What you should do: In your answer, reproduce exactly the lines from the beginning of the listing below through the one containing "(part 1 of 2)", and only those lines.

#####

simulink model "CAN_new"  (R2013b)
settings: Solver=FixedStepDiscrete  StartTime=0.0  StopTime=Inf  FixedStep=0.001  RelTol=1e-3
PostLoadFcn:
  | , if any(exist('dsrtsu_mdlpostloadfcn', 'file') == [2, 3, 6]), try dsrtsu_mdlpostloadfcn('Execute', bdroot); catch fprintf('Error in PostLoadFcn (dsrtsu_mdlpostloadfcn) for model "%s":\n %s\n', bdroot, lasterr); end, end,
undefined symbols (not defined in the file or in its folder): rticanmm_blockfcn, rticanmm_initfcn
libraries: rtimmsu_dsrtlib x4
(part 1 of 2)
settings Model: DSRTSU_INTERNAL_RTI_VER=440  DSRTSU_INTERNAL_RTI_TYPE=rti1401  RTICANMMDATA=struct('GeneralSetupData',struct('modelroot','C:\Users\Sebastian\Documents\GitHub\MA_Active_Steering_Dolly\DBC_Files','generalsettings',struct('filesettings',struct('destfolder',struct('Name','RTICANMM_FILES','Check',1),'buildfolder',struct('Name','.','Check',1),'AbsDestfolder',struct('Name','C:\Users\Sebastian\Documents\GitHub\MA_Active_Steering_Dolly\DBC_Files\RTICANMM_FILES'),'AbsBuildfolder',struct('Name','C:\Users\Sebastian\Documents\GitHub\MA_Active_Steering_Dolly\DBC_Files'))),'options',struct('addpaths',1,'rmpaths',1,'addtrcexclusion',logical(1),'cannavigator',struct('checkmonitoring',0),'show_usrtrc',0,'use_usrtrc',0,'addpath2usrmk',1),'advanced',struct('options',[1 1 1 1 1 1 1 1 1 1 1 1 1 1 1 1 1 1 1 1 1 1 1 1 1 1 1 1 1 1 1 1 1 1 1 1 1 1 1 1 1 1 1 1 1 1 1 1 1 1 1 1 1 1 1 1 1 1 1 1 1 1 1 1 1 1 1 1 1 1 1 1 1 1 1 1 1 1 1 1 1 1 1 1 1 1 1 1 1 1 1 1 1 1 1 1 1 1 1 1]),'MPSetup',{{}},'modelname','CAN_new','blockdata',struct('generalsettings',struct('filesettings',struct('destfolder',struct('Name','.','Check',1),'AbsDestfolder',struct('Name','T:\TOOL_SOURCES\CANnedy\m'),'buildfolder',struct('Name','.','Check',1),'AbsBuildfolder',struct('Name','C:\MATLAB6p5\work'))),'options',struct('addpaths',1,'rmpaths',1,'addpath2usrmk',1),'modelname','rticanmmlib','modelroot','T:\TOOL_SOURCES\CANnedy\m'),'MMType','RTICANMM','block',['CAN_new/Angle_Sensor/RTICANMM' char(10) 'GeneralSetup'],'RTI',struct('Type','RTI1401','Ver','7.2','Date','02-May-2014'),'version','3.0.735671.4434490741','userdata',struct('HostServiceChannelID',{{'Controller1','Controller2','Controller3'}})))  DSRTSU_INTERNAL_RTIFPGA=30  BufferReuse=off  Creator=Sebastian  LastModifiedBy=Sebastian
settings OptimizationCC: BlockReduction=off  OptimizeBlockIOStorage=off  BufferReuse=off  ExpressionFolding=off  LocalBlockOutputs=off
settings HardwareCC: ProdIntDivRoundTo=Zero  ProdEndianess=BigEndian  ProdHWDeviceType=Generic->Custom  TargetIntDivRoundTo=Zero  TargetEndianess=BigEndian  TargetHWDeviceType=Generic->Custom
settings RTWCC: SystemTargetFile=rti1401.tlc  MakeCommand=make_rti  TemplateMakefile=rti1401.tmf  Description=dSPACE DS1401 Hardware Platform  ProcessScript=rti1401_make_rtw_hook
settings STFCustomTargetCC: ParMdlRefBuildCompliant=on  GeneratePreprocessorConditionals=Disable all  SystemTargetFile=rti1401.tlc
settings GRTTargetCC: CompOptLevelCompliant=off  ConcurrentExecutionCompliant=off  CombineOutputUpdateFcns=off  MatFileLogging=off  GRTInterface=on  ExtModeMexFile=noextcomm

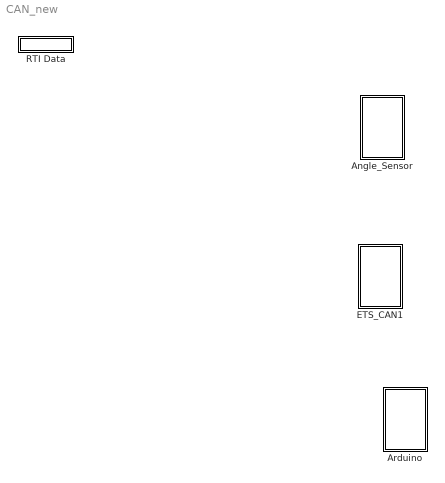
== system CAN_new ==
  Angle_Sensor : Subsystem
  Arduino : Subsystem
  ETS_CAN1 : Subsystem
  RTI Data : Subsystem  Tag=struct('RTIDataServer',struct('RTIDataServerVs','2','RTIModelDescription','struct(''main'',''CAN_new'',''sub'','''',''isMp'',0)'))  LoadFcn="if exist('rtidc'), try,  rtidc('DataHostBlockClbLoad', gcbh); catch, disp(['Warning: ''LoadFcn'' for RTI Data block failed: ' lasterr]); end, end,"  mask(RTI_DATA_HOST){}
      mask help:
      | RTI Data Block.
      | This block is used by RTI to store internal model-dependent data.
      | Please keep this block on the root level of the model. Deleting this block will result in data loss.
      |
      | NEVER DELETE OR COPY THIS BLOCK!
      settings: CopyFcn="if exist('rtidc'), try,  rtidc('DataHostBlockClbCopy', gcbh); catch, disp(['Warning: ''CopyFcn'' for RTI Data block failed: ' lasterr]); end, end,"  DeleteFcn="if exist('rtidc'), try,  rtidc('DataHostBlockClbDelete', gcbh); catch, disp(['Warning: ''DeleteFcn'' for RTI Data block failed: ' lasterr]); end, end,"  ModelCloseFcn="if exist('rtidc'), try,  rtidc('DataHostBlockClbModelClose', gcbh); catch, disp(['Warning: ''ModelCloseFcn'' for RTI Data block failed: ' lasterr]); end, end,"  PreSaveFcn="if exist('rtidc'), try,  rtidc('DataHostBlockClbPreSave', gcbh); catch, disp(['Warning: ''PreSaveFcn'' for RTI Data block failed: ' lasterr]); end, end,"  PostSaveFcn="if exist('rtidc'), try,  rtidc('DataHostBlockClbPostSave', gcbh); catch, disp(['Warning: ''PostSaveFcn'' for RTI Data block failed: ' lasterr]); end, end,"  NameChangeFcn="if exist('rtidc'), try,  rtidc('DataHostBlockClbNameChange', gcbh); catch, disp(['Warning: ''NameChangeFcn'' for RTI Data block failed: ' lasterr]); end, end,"
      mask Help:
      | RTI Data Block.
      | This block is used by RTI to store internal model-dependent data.
      | Please keep this block on the root level of the model. Deleting this block will result in data loss.
      | 
      | NEVER DELETE OR COPY THIS BLOCK!
      mask Display:
      | text(0.5, 0.5, 'RTI Data', 'HorizontalAlignment', 'center');
      | plot([1 0]);

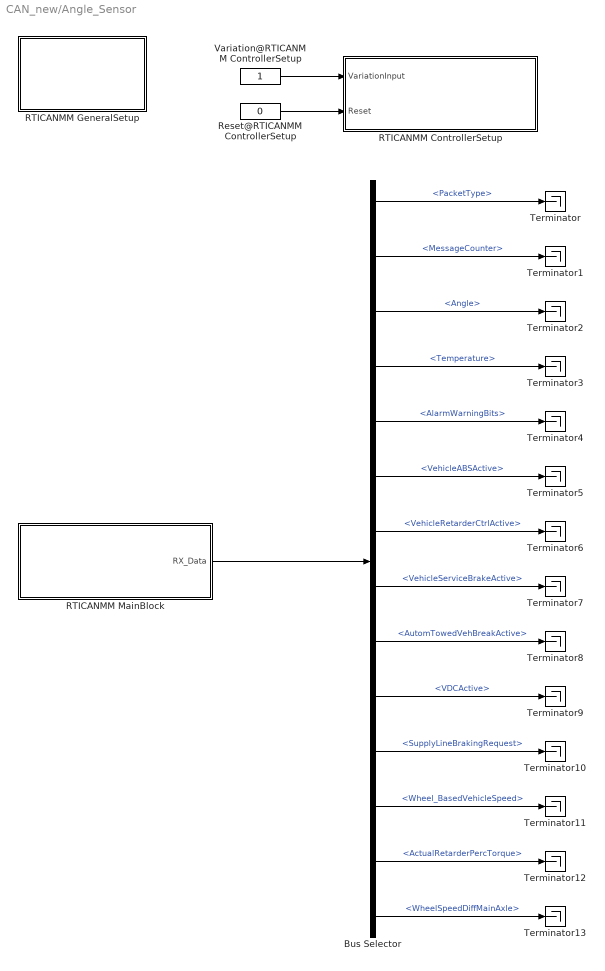
== system CAN_new/Angle_Sensor ==
  Bus Selector : BusSelector  OutputSignals=AngleSensor.PacketType,AngleSensor.MessageCounter,AngleSensor.Angle,AngleSensor.Temperature,AngleSensor.AlarmWarningBits,ISO11992_EBS21.VehicleABSActive,ISO11992_EBS21.VehicleRetarderCtrlActive,ISO11992_EBS21.VehicleServiceBrakeActive,ISO11992_EBS21.AutomTowedVehBreakActive,ISO11992_EBS21.VDCActive,ISO11992_EBS21.SupplyLineBrakingRequest,ISO11992_EBS21.Wheel_BasedVehicleSpeed,ISO11992_EBS21.ActualRetarderPercTorque,ISO11992_EBS21.WheelSpeedDiffMainAxle
  RTICANMM ControllerSetup : Subsystem  InitFcn=rticanmm_blockfcn('InitFcn', 'CANnedySetup', gcb)  ClipboardFcn=rticanmm_blockfcn('ClipboardFcn', 'CANnedySetup', gcb)  mask(RTICANMM){DSProperties=struct('RTI',struct('Version',uint32(1),'BlockType',struct('isSLSource',uint8(1),'isSLSink',uint8(1),'isHWSource',uint8(0),'isHWSink',uint8(0),'isSetup',uint8(0),'isInline',uint8(1),'isNonInline',uint8(0),'isInterrupt',uint8(0),'isChannelwise',uint8(0)),'IOBoardType','RTICANMM','UnitType','RTICANMM','Identifier','BUSSETUP','DialogType','SL','BlockSet','RTICANMM','SlaveProcessor','CAN')), CANMMProperties=struct('cannedy',struct('data',struct('options',struct('controllername','Controller1','controllernameautomatic',[],'loglevel','0','checkrealtime',0,'checkchangebaudrate',0,'sampletime','1.000','CANControllerStatus',0,'NumberofStuffErr',0,'NumberofFormErr',0,'NumberofAckErr',0,'NumberofBit0Err',0,'NumberofsuccrecRX',0,'Numberofsuccsent',0,'NumberofBit1Err',0,'NumberofCRCErr',0,'NumberoflostRX',0,'Busoff',0,'Busload',0,'OperationPending',0,'TxRetryCount',3,'addtrcexclusion',logical(1),'cannavigator',struct('checkmonitoring',0,'checkinternmonitoring',0),'show_usrtrc',0,'use_usrtrc',0),'modelroot','C:\Users\Sebastian\Desktop\DBC_Files','generalsettings',struct('setupdata',struct('board',['CAN Type 1'],'boardno',1,'channelno',1,'Type','STD','transceiver','ISO11898-2','busconfig','0x0','feedthrough','false','resistance',struct('r120',1,'roff',0,'r16',1,'r10',0),'baudrate','500','Frequency',[24 36],'samplemode',1,'commChannelTJA1041',6,'config',struct('standard',1,'advanced',0,'register',struct('btr0','0xC0','btr1','0x6F','sp','70','sjw','3','tseg1','15','tseg2','6','brp','0','smpl','0','btr0_36','0x41','btr1_36','0x1E','sp_36','88','sjw_36','1','tseg1_36','14','tseg2_36','1','brp_36','1','smpl_36','0','btr0_64','0x43','btr1_64','0x1C','sp_64','87','sjw_64','1','tseg1_64','12','tseg2_64','1','brp_64','3','smpl_64','0')),'channelcfg',struct('INTENDISABLE','CAN_INT_DISABLE','intenable',0),'SETUPID','RTICANMM_Controller1_ID','CONTROLLER_ID','CANMM_CTL_SETUP_Controller1','mainblock_includefile','RTICANMM_SETUP_Controller1','termination','TERMINATION_ON'),'filesettings',struct('destfolder',struct('Name','RTICANMM_FILES','Check',1),'buildfolder',struct('Name','.','Check',1))),'advanced',struct('options',[1 1 1 1 1 1 1 1 1 1 1 1 1 1 1 1 1 1 1 1 1 1 1 1 1 1 1 1 1 1 1 1 1 1 1 1 1 1 1 1 1 1 1 1 1 1 1 1 1 1 1 1 1 1 1 1 1 1 1 1 1 1 1 1 1 1 1 1 1 1 1 1 1 1 1 1 1 1 1 1 1 1 1 1 1 1 1 1 1 1 1 1 1 1 1 1 1 1 1 1]),'partialnetdata',struct('switchedon',0,'format','STD','idmask',['XXXXX XXXXXXXX XXXXXXXX XXXXXXXX'],'idcode','0','idfilter','0','datamaskused',0,'datalength','0','datamask','0x0000000000000000','partialnetworkenable',0)),'blk',['CAN_new/RTICANMM' char(10) 'ControllerSetup'],'allgeneratedfiles',{{'C:\Users\Sebastian\Desktop\DBC_Files\RTICANMM_FILES\RTICANMM_SETUP_Controller1.c','C:\Users\Sebastian\Desktop\DBC_Files\RTICANMM_FILES\RTICANMM_SETUP_Controller1.h','c:\users\sebastian\desktop\dbc_files\rticanmm_files\rticanmm_setup_controller1.mexw64'}},'ismp',logical(0),'BlockDataVersion','0.6.0','recreate',0),'CANnedynew',0,'CANnedySettings','Controller1','GeneratedFiles',{{'C:\Users\Sebastian\Desktop\DBC_Files\RTICANMM_FILES\RTICANMM_SETUP_Controller1.c','C:\Users\Sebastian\Desktop\DBC_Files\RTICANMM_FILES\RTICANMM_SETUP_Controller1.h','c:\users\sebastian\desktop\dbc_files\rticanmm_files\rticanmm_setup_controller1.mexw64'}},'SFCN','RTICANMM_SETUP_Controller1.c','HostService',struct('Tags',struct('DATA','RTICANMM_MonitorData','Enable','CANMMMonitor_Controller1','TimeStamp','MonitoringTimeStamp_Controller1'),'DATA',struct('Length',4),'Info',struct('Desc',{'ID','Service','Data1','Data2'}),'Names',struct('Enable','Monitoring_Enable','TimeStamp','Monitoring_TimeStamp'),'ChannelID',1)), CANMMType=CANnedySetup, CANMMFolder=C:\Users\Sebastian\Documents\GitHub\MA_Active_Steering_Dolly\DBC_Files, CANMMDestFolder=RTICANMM_FILES, CANMMSettings=Controller1, CANMMSFcn=RTICANMM_SETUP_Controller1, CANMMBoard=DS1401, CANMMBoardNum=1, CANMMChannel=1}
      settings: AttributesFormatString=%<CANMMSettings>: %<CANMMBoard>_B%<CANMMBoardNum>_C%<CANMMChannel>  CopyFcn=rticanmm_blockfcn('CopyFcn', 'CANnedySetup', gcb)  DeleteFcn=rticanmm_blockfcn('DeleteFcn', 'CANnedySetup', gcb)  ModelCloseFcn=rticanmm_blockfcn('ModelCloseFcn', 'CANnedySetup', gcb)  NameChangeFcn=rticanmm_blockfcn('NameChangeFcn', 'CANnedySetup', gcb)  OpenFcn=try, rticanmm_setup_gui('create',gcb); ; catch,errordlg({lasterr, '','Please check your RTI installation.'},['Error: ' upper(bdroot)], 'replace'); end  MoveFcn=rticanmm_blockfcn('MoveFcn', 'CANnedySetup', gcb)
      mask Help: eval('rticanmm_quickstart(''create'', gcb);', 'disp(lasterr);')
      mask Display:
      | disp('RTI CAN\nMultiMessage\nControllerSetup')
      | 
      | port_label('input', 1 , 'Variation')
      | port_label('input', 2 , 'Reset')
  RTICANMM GeneralSetup : Subsystem  InitFcn=rticanmm_initfcn(gcb, 'CANnedySettings')  ClipboardFcn=rticanmm_blockfcn('ClipboardFcn', 'CANnedySettings', gcb)  mask(RTICANMM){DSProperties=struct('RTI',struct('Version',uint32(1),'BlockType',struct('isSLSource',uint8(1),'isSLSink',uint8(1),'isHWSource',uint8(0),'isHWSink',uint8(0),'isSetup',uint8(0),'isInline',uint8(1),'isNonInline',uint8(0),'isInterrupt',uint8(0),'isChannelwise',uint8(0)),'IOBoardType','RTICANMM','UnitType','RTICANMM','Identifier','GENERALSETUP','DialogType','SL','BlockSet','RTICANMM','SlaveProcessor','CAN')), CANMMDestFolder=RTICANMM_FILES, CANMMBuildDir=., CANMMAddPaths=on, CANMMAddpathUserMake=on, CANMMRemovePathOnclose=on, CANMMType=CANnedySettings, CANMMProperties=struct('modelroot','C:\Users\Sebastian\Documents\GitHub\MA_Active_Steering_Dolly\DBC_Files','generalsettings',struct('filesettings',struct('destfolder',struct('Name','RTICANMM_FILES','Check',1),'buildfolder',struct('Name','.','Check',1),'AbsDestfolder',struct('Name','C:\Users\Sebastian\Documents\GitHub\MA_Active_Steering_Dolly\DBC_Files\RTICANMM_FILES'),'AbsBuildfolder',struct('Name','C:\Users\Sebastian\Documents\GitHub\MA_Active_Steering_Dolly\DBC_Files'))),'options',struct('addpaths',1,'rmpaths',1,'addtrcexclusion',logical(1),'cannavigator',struct('checkmonitoring',0),'show_usrtrc',0,'use_usrtrc',0,'addpath2usrmk',1),'advanced',struct('options',[1 1 1 1 1 1 1 1 1 1 1 1 1 1 1 1 1 1 1 1 1 1 1 1 1 1 1 1 1 1 1 1 1 1 1 1 1 1 1 1 1 1 1 1 1 1 1 1 1 1 1 1 1 1 1 1 1 1 1 1 1 1 1 1 1 1 1 1 1 1 1 1 1 1 1 1 1 1 1 1 1 1 1 1 1 1 1 1 1 1 1 1 1 1 1 1 1 1 1 1]),'MPSetup',{{}},'modelname','CAN_new','blockdata',struct('generalsettings',struct('filesettings',struct('destfolder',struct('Name','.','Check',1),'AbsDestfolder',struct('Name','T:\TOOL_SOURCES\CANnedy\m'),'buildfolder',struct('Name','.','Check',1),'AbsBuildfolder',struct('Name','C:\MATLAB6p5\work'))),'options',struct('addpaths',1,'rmpaths',1,'addpath2usrmk',1),'modelname','rticanmmlib','modelroot','T:\TOOL_SOURCES\CANnedy\m'),'MMType','RTICANMM','block',['CAN_new/Angle_Sensor/RTICANMM' char(10) 'GeneralSetup'],'RTI',struct('Type','RTI1401','Ver','7.2','Date','02-May-2014'),'version','3.0.735671.4434490741','userdata',struct('HostServiceChannelID',{{'Controller1','Controller2','Controller3'}}))}
      mask prompts: CANMMDestFolder "Destination Folder for generated Files:"; CANMMBuildDir "Build Directory (*_usr.mk, *_usr.trc)"; CANMMAddPaths "Add Paths automatically"; CANMMAddpathUserMake "Add Paths to UserMake-File"; CANMMRemovePathOnclose "Remove added Path on ModelClose"
      mask init:
      | rticanmm_initfcn(gcb,'CANnedyGeneralSettings')
      settings: CopyFcn=rticanmm_blockfcn('CopyFcn', 'CANnedySettings', gcb)  DeleteFcn=rticanmm_blockfcn('DeleteFcn', 'CANnedySettings', gcb)  ModelCloseFcn=rticanmm_blockfcn('CloseFcn', 'CANnedyGeneralSettings', gcb)  NameChangeFcn=rticanmm_blockfcn('NameChangeFcn', 'CANnedySettings', gcb)  OpenFcn=try, rticanmm_gs_gui('create',gcb), ; catch,errordlg({lasterr, '','Please check your RTI installation.'},['Error: ' upper(bdroot)], 'replace'); end  MoveFcn=rticanmm_blockfcn('MoveFcn', 'CANnedySettings', gcb)
      mask Help: eval('rticanmm_quickstart(''create'', gcb);', 'disp(lasterr);')
      mask Display: disp(sprintf(['RTI CAN\nMultiMessage\nGeneralSetup']))
  RTICANMM MainBlock : Subsystem  InitFcn=rticanmm_blockfcn('InitFcn', 'CANnedy', gcb)  ClipboardFcn=rticanmm_blockfcn('ClipboardFcn', 'CANnedy', gcb)  mask(RTICANMM){DSProperties=struct('RTI',struct('Version',uint32(1),'BlockType',struct('isSLSource',uint8(1),'isSLSink',uint8(1),'isHWSource',uint8(0),'isHWSink',uint8(0),'isSetup',uint8(0),'isInline',uint8(1),'isNonInline',uint8(0),'isInterrupt',uint8(0),'isChannelwise',uint8(0)),'IOBoardType','RTICANMM','UnitType','RTICANMM','Identifier','Mainblock','DialogType','SL','BlockSet','RTICANMM','SlaveProcessor','CAN')), CANMMProperties=struct('RTICANMMVersion','3.0','RTICANMMVersionIntern','3.0.735671.4434490741','RTICANMMDate','02-May-2014','Settings','RTICANMM_MAIN_CAN','UserTracePath','','ModelPath','C:\Users\Sebastian\Documents\GitHub\MA_Active_Steering_Dolly\DBC_Files','filesettings',struct('FileName','AngleSpeed.dbc','IsRelative',1,'ClusterId',1,'ClusterList',{{'default'}},'destfolder',struct('Name','RTICANMM_FILES','Check',1),'buildfolder',struct('Name','.','Check',1),'onlyfreerawcapture',0,'overlapping2variant',0),'onlyfreerawcapture',0,'Board',['CAN Type 1'],'BoardNum','1','ChannelNum','1','Variation','1','SetupId','Controller1','MARK',['7DBF185AE8E2AF6E949032F17CD527';'068CEB1B2D5027FC45531E1F7A9409';'09567626E24A705194943A5CB25188';'8B3CC76C9A9A67B6C72B37BE9D1636';'1A4B083466BA306CD50E4EA3714E2E'],'date','28-Jan-2015','clock',['28.01.2015 10:11:25'],'recreate',0,'RTIVER','RTI1401','j1939',0,'TRC',struct('include',1),'rtsupport',struct('XMLFile','C:\Users\Sebastian\Documents\GitHub\MA_Active_Steering_Dolly\DBC_Files\RTICANMM_FILES\RTICANMM_MAIN_CAN.xml','DBCXML',struct('Path','C:\Users\Sebastian\Documents\GitHub\MA_Active_Steering_Dolly\DBC_Files\RTICANMM_FILES\RTICANMM_MAIN_CAN_dbc.xml','support',1,'Name','AngleSpeed.dbc','Date',['11-Dez-2014 10:18:45'],'Type','extended','DBCSupport','ON'))), CANMMType=CANnedy, CANMMUserTraceMerged=off, CANMMUserTracePath=, CANMMChannelNum=1, CANMMBoardNum=1, CANMMDestFolder=RTICANMM_FILES, CANMMFolder=., CANMMSetupId=Controller1, CANMMsave2mat=['7DBF185AE8E2AF6E949032F17CD527';'068CEB1B2D5027FC45531E1F7A9409';'09567626E24A705194943A5CB25188';'8B3CC76C9A9A67B6C72B37BE9D1636';'1A4B083466BA306CD50E4EA3714E2E'], CANMMName=CAN, CANMMSettings=RTICANMM_MAIN_CAN, CANMMIntermediateTag=RTICANMM_MAIN_CAN_intermediate, CANMMsfcnname=RTICANMM_MAIN_CAN}
      mask init:
      | rticanmm_initfcn(gcb, CANMMType, CANMMsfcnname)
      settings: AttributesFormatString=Controller1[CAN]: DS1401_B1_C1_V1  CopyFcn=rticanmm_blockfcn('CopyFcn', 'CANnedy', gcb)  DeleteFcn=rticanmm_blockfcn('DeleteFcn', 'CANnedy', gcb)  ModelCloseFcn=rticanmm_blockfcn('ModelCloseFcn', 'CANnedy', gcb)  NameChangeFcn=rticanmm_blockfcn('NameChangeFcn', 'CANnedy', gcb)  OpenFcn=try, rticanmm_main_gui('create',gcb); ; catch,errordlg({lasterr, '','Please check your RTI installation.'},['Error: ' upper(bdroot)], 'replace'); end  MoveFcn=rticanmm_blockfcn('MoveFcn', 'CANnedy', gcb)
      mask Help: eval('rticanmm_quickstart(''create'', gcb);', 'disp(lasterr);')
      mask Display:
      | disp(sprintf('RTI CAN\nMultiMessage\nMainSetup'))
      | port_label('output', 1, 'RX Data')
  Reset@RTICANMM ControllerSetup : Constant  Value=0  OutDataTypeStr=boolean
  Terminator{,1..13} (14 alike) : Terminator
  Variation@RTICANMM ControllerSetup : Constant  OutDataTypeStr=uint8
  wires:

#####

Solution to this exercise:
simulink model "CAN_new"  (R2013b)
settings: Solver=FixedStepDiscrete  StartTime=0.0  StopTime=Inf  FixedStep=0.001  RelTol=1e-3
PostLoadFcn:
  | , if any(exist('dsrtsu_mdlpostloadfcn', 'file') == [2, 3, 6]), try dsrtsu_mdlpostloadfcn('Execute', bdroot); catch fprintf('Error in PostLoadFcn (dsrtsu_mdlpostloadfcn) for model "%s":\n %s\n', bdroot, lasterr); end, end,
undefined symbols (not defined in the file or in its folder): rticanmm_blockfcn, rticanmm_initfcn
libraries: rtimmsu_dsrtlib x4
(part 1 of 2)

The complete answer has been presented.